= CityTime payroll scandal =

2003–2010 corruption scandal in New York

The CityTime payroll scandal was a 2003–2010 public corruption scandal in which several contractors, namely from SAIC, fraudulently inflated project costs for implementing the New York CityTime electronic payroll and timekeeping system.

== Background ==
CityTime was a New York City contract to build a timekeeping and payroll system for city employees, awarded to SAIC as a no-bid, $63 million contract in 2003. In the following years, the contract ballooned to $700 million, as consultant rates were artificially inflated, and contract terms were adjusted to make the city responsible for "cost overruns".
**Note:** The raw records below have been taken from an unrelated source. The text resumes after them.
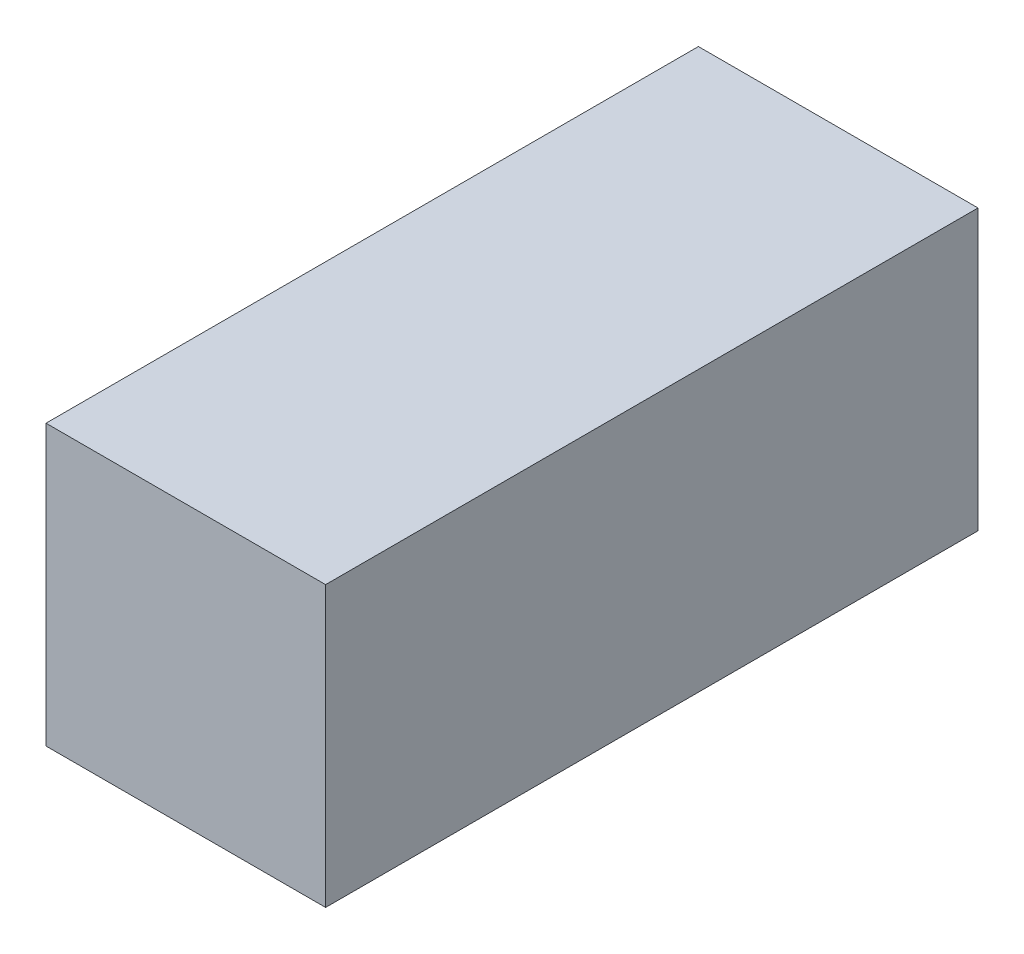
ISO-10303-21;
HEADER;
FILE_DESCRIPTION(('STEP AP214'),'2;1');
FILE_NAME('part.step','',(''),(''),'','','');
FILE_SCHEMA(('AUTOMOTIVE_DESIGN { 1 0 10303 214 1 1 1 1 }'));
ENDSEC;
DATA;
#1=APPLICATION_CONTEXT('core data for automotive mechanical design processes');
#2=APPLICATION_PROTOCOL_DEFINITION('international standard','automotive_design',2000,#1);
#3=PRODUCT_CONTEXT('',#1,'mechanical');
#4=PRODUCT('Part','Part','',(#3));
#5=PRODUCT_RELATED_PRODUCT_CATEGORY('part','',(#4));
#6=PRODUCT_DEFINITION_FORMATION('','',#4);
#7=PRODUCT_DEFINITION_CONTEXT('part definition',#1,'design');
#8=PRODUCT_DEFINITION('design','',#6,#7);
#9=PRODUCT_DEFINITION_SHAPE('','',#8);
#10=(LENGTH_UNIT() NAMED_UNIT(*) SI_UNIT(.MILLI.,.METRE.));
#11=(NAMED_UNIT(*) PLANE_ANGLE_UNIT() SI_UNIT($,.RADIAN.));
#12=(NAMED_UNIT(*) SI_UNIT($,.STERADIAN.) SOLID_ANGLE_UNIT());
#13=UNCERTAINTY_MEASURE_WITH_UNIT(LENGTH_MEASURE(1.E-05),#10,'distance_accuracy_value','');
#14=(GEOMETRIC_REPRESENTATION_CONTEXT(3) GLOBAL_UNCERTAINTY_ASSIGNED_CONTEXT((#13)) GLOBAL_UNIT_ASSIGNED_CONTEXT((#10,
#11,#12)) REPRESENTATION_CONTEXT('',''));
#15=CARTESIAN_POINT('',(0.,0.,0.));
#16=DIRECTION('',(0.,0.,1.));
#17=DIRECTION('',(1.,0.,0.));
#18=AXIS2_PLACEMENT_3D('',#15,#16,#17);
#19=CARTESIAN_POINT('',(0.,0.,7.));
#20=DIRECTION('',(1.,0.,0.));
#21=DIRECTION('',(0.,0.,-1.));
#22=AXIS2_PLACEMENT_3D('',#19,#20,#21);
#23=PLANE('',#22);
#24=DIRECTION('',(0.,-1.,0.));
#25=VECTOR('',#24,1.);
#26=CARTESIAN_POINT('',(0.,0.,0.));
#27=LINE('',#26,#25);
#28=CARTESIAN_POINT('',(0.,2.99999999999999,0.));
#29=VERTEX_POINT('',#28);
#30=CARTESIAN_POINT('',(0.,0.,0.));
#31=VERTEX_POINT('',#30);
#32=EDGE_CURVE('E71',#29,#31,#27,.T.);
#33=ORIENTED_EDGE('',*,*,#32,.T.);
#34=DIRECTION('',(0.,0.,-1.));
#35=VECTOR('',#34,1.);
#36=CARTESIAN_POINT('',(0.,0.,7.));
#37=LINE('',#36,#35);
#38=CARTESIAN_POINT('',(0.,0.,7.));
#39=VERTEX_POINT('',#38);
#40=EDGE_CURVE('E11',#39,#31,#37,.T.);
#41=ORIENTED_EDGE('',*,*,#40,.F.);
#42=DIRECTION('',(0.,-1.,0.));
#43=VECTOR('',#42,1.);
#44=CARTESIAN_POINT('',(0.,0.,7.));
#45=LINE('',#44,#43);
#46=CARTESIAN_POINT('',(0.,2.99999999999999,7.));
#47=VERTEX_POINT('',#46);
#48=EDGE_CURVE('E89',#47,#39,#45,.T.);
#49=ORIENTED_EDGE('',*,*,#48,.F.);
#50=DIRECTION('',(0.,0.,-1.));
#51=VECTOR('',#50,1.);
#52=CARTESIAN_POINT('',(0.,2.99999999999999,7.));
#53=LINE('',#52,#51);
#54=EDGE_CURVE('E83',#47,#29,#53,.T.);
#55=ORIENTED_EDGE('',*,*,#54,.T.);
#56=EDGE_LOOP('',(#33,#41,#49,#55));
#57=FACE_BOUND('',#56,.T.);
#58=ADVANCED_FACE('F27',(#57),#23,.F.);
#59=CARTESIAN_POINT('',(0.,0.,7.));
#60=DIRECTION('',(0.,1.,0.));
#61=DIRECTION('',(0.,0.,1.));
#62=AXIS2_PLACEMENT_3D('',#59,#60,#61);
#63=PLANE('',#62);
#64=DIRECTION('',(1.,0.,0.));
#65=VECTOR('',#64,1.);
#66=CARTESIAN_POINT('',(0.,0.,0.));
#67=LINE('',#66,#65);
#68=CARTESIAN_POINT('',(2.99999999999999,0.,0.));
#69=VERTEX_POINT('',#68);
#70=EDGE_CURVE('E67',#31,#69,#67,.T.);
#71=ORIENTED_EDGE('',*,*,#70,.T.);
#72=DIRECTION('',(0.,0.,-1.));
#73=VECTOR('',#72,1.);
#74=CARTESIAN_POINT('',(2.99999999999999,0.,7.));
#75=LINE('',#74,#73);
#76=CARTESIAN_POINT('',(2.99999999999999,0.,7.));
#77=VERTEX_POINT('',#76);
#78=EDGE_CURVE('E34',#77,#69,#75,.T.);
#79=ORIENTED_EDGE('',*,*,#78,.F.);
#80=DIRECTION('',(1.,0.,0.));
#81=VECTOR('',#80,1.);
#82=CARTESIAN_POINT('',(0.,0.,7.));
#83=LINE('',#82,#81);
#84=EDGE_CURVE('E79',#39,#77,#83,.T.);
#85=ORIENTED_EDGE('',*,*,#84,.F.);
#86=ORIENTED_EDGE('',*,*,#40,.T.);
#87=EDGE_LOOP('',(#71,#79,#85,#86));
#88=FACE_BOUND('',#87,.T.);
#89=ADVANCED_FACE('F78',(#88),#63,.F.);
#90=CARTESIAN_POINT('',(2.99999999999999,0.,7.));
#91=DIRECTION('',(-1.,0.,0.));
#92=DIRECTION('',(0.,0.,1.));
#93=AXIS2_PLACEMENT_3D('',#90,#91,#92);
#94=PLANE('',#93);
#95=DIRECTION('',(0.,1.,0.));
#96=VECTOR('',#95,1.);
#97=CARTESIAN_POINT('',(2.99999999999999,0.,0.));
#98=LINE('',#97,#96);
#99=CARTESIAN_POINT('',(2.99999999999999,2.99999999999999,0.));
#100=VERTEX_POINT('',#99);
#101=EDGE_CURVE('E72',#69,#100,#98,.T.);
#102=ORIENTED_EDGE('',*,*,#101,.T.);
#103=DIRECTION('',(0.,0.,-1.));
#104=VECTOR('',#103,1.);
#105=CARTESIAN_POINT('',(2.99999999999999,2.99999999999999,7.));
#106=LINE('',#105,#104);
#107=CARTESIAN_POINT('',(2.99999999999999,2.99999999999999,7.));
#108=VERTEX_POINT('',#107);
#109=EDGE_CURVE('E95',#108,#100,#106,.T.);
#110=ORIENTED_EDGE('',*,*,#109,.F.);
#111=DIRECTION('',(0.,1.,0.));
#112=VECTOR('',#111,1.);
#113=CARTESIAN_POINT('',(2.99999999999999,0.,7.));
#114=LINE('',#113,#112);
#115=EDGE_CURVE('E46',#77,#108,#114,.T.);
#116=ORIENTED_EDGE('',*,*,#115,.F.);
#117=ORIENTED_EDGE('',*,*,#78,.T.);
#118=EDGE_LOOP('',(#102,#110,#116,#117));
#119=FACE_BOUND('',#118,.T.);
#120=ADVANCED_FACE('F98',(#119),#94,.F.);
#121=CARTESIAN_POINT('',(0.,2.99999999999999,7.));
#122=DIRECTION('',(0.,-1.,0.));
#123=DIRECTION('',(0.,0.,-1.));
#124=AXIS2_PLACEMENT_3D('',#121,#122,#123);
#125=PLANE('',#124);
#126=DIRECTION('',(-1.,0.,0.));
#127=VECTOR('',#126,1.);
#128=CARTESIAN_POINT('',(0.,2.99999999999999,0.));
#129=LINE('',#128,#127);
#130=EDGE_CURVE('E87',#100,#29,#129,.T.);
#131=ORIENTED_EDGE('',*,*,#130,.T.);
#132=ORIENTED_EDGE('',*,*,#54,.F.);
#133=DIRECTION('',(-1.,0.,0.));
#134=VECTOR('',#133,1.);
#135=CARTESIAN_POINT('',(0.,2.99999999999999,7.));
#136=LINE('',#135,#134);
#137=EDGE_CURVE('E41',#108,#47,#136,.T.);
#138=ORIENTED_EDGE('',*,*,#137,.F.);
#139=ORIENTED_EDGE('',*,*,#109,.T.);
#140=EDGE_LOOP('',(#131,#132,#138,#139));
#141=FACE_BOUND('',#140,.T.);
#142=ADVANCED_FACE('F100',(#141),#125,.F.);
#143=CARTESIAN_POINT('',(0.,2.99999999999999,7.));
#144=DIRECTION('',(0.,0.,-1.));
#145=DIRECTION('',(-1.,0.,0.));
#146=AXIS2_PLACEMENT_3D('',#143,#144,#145);
#147=PLANE('',#146);
#148=ORIENTED_EDGE('',*,*,#48,.T.);
#149=ORIENTED_EDGE('',*,*,#84,.T.);
#150=ORIENTED_EDGE('',*,*,#115,.T.);
#151=ORIENTED_EDGE('',*,*,#137,.T.);
#152=EDGE_LOOP('',(#148,#149,#150,#151));
#153=FACE_BOUND('',#152,.T.);
#154=ADVANCED_FACE('F101',(#153),#147,.F.);
#155=CARTESIAN_POINT('',(0.,2.99999999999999,0.));
#156=DIRECTION('',(0.,0.,-1.));
#157=DIRECTION('',(-1.,0.,0.));
#158=AXIS2_PLACEMENT_3D('',#155,#156,#157);
#159=PLANE('',#158);
#160=ORIENTED_EDGE('',*,*,#32,.F.);
#161=ORIENTED_EDGE('',*,*,#130,.F.);
#162=ORIENTED_EDGE('',*,*,#101,.F.);
#163=ORIENTED_EDGE('',*,*,#70,.F.);
#164=EDGE_LOOP('',(#160,#161,#162,#163));
#165=FACE_BOUND('',#164,.T.);
#166=ADVANCED_FACE('F68',(#165),#159,.T.);
#167=CLOSED_SHELL('',(#58,#89,#120,#142,#154,#166));
#168=MANIFOLD_SOLID_BREP('B2',#167);
#169=ADVANCED_BREP_SHAPE_REPRESENTATION('',(#18,#168),#14);
#170=SHAPE_DEFINITION_REPRESENTATION(#9,#169);
ENDSEC;
END-ISO-10303-21;

== Indictment and prosecution ==
In February 2011, US Attorney Preet Bharara announced the indictment of five consultants working on CityTime, for misappropriating more than $80 million from the project. The investigation expanded to five additional defendants being charged, including a consultant who allegedly received more than $5 million in illegal kickbacks on the projects. Ultimately, three contractors were sentenced to 20 years.

In 2012 SAIC was ordered to pay $500 million to the City of New York for overbilling the city over a period of seven years on the CityTime contract. In 2014 Gerard Denault, SAIC's CityTime program manager, and his government contact were sentenced to 20 years in prison for fraud and bribery related to the contract.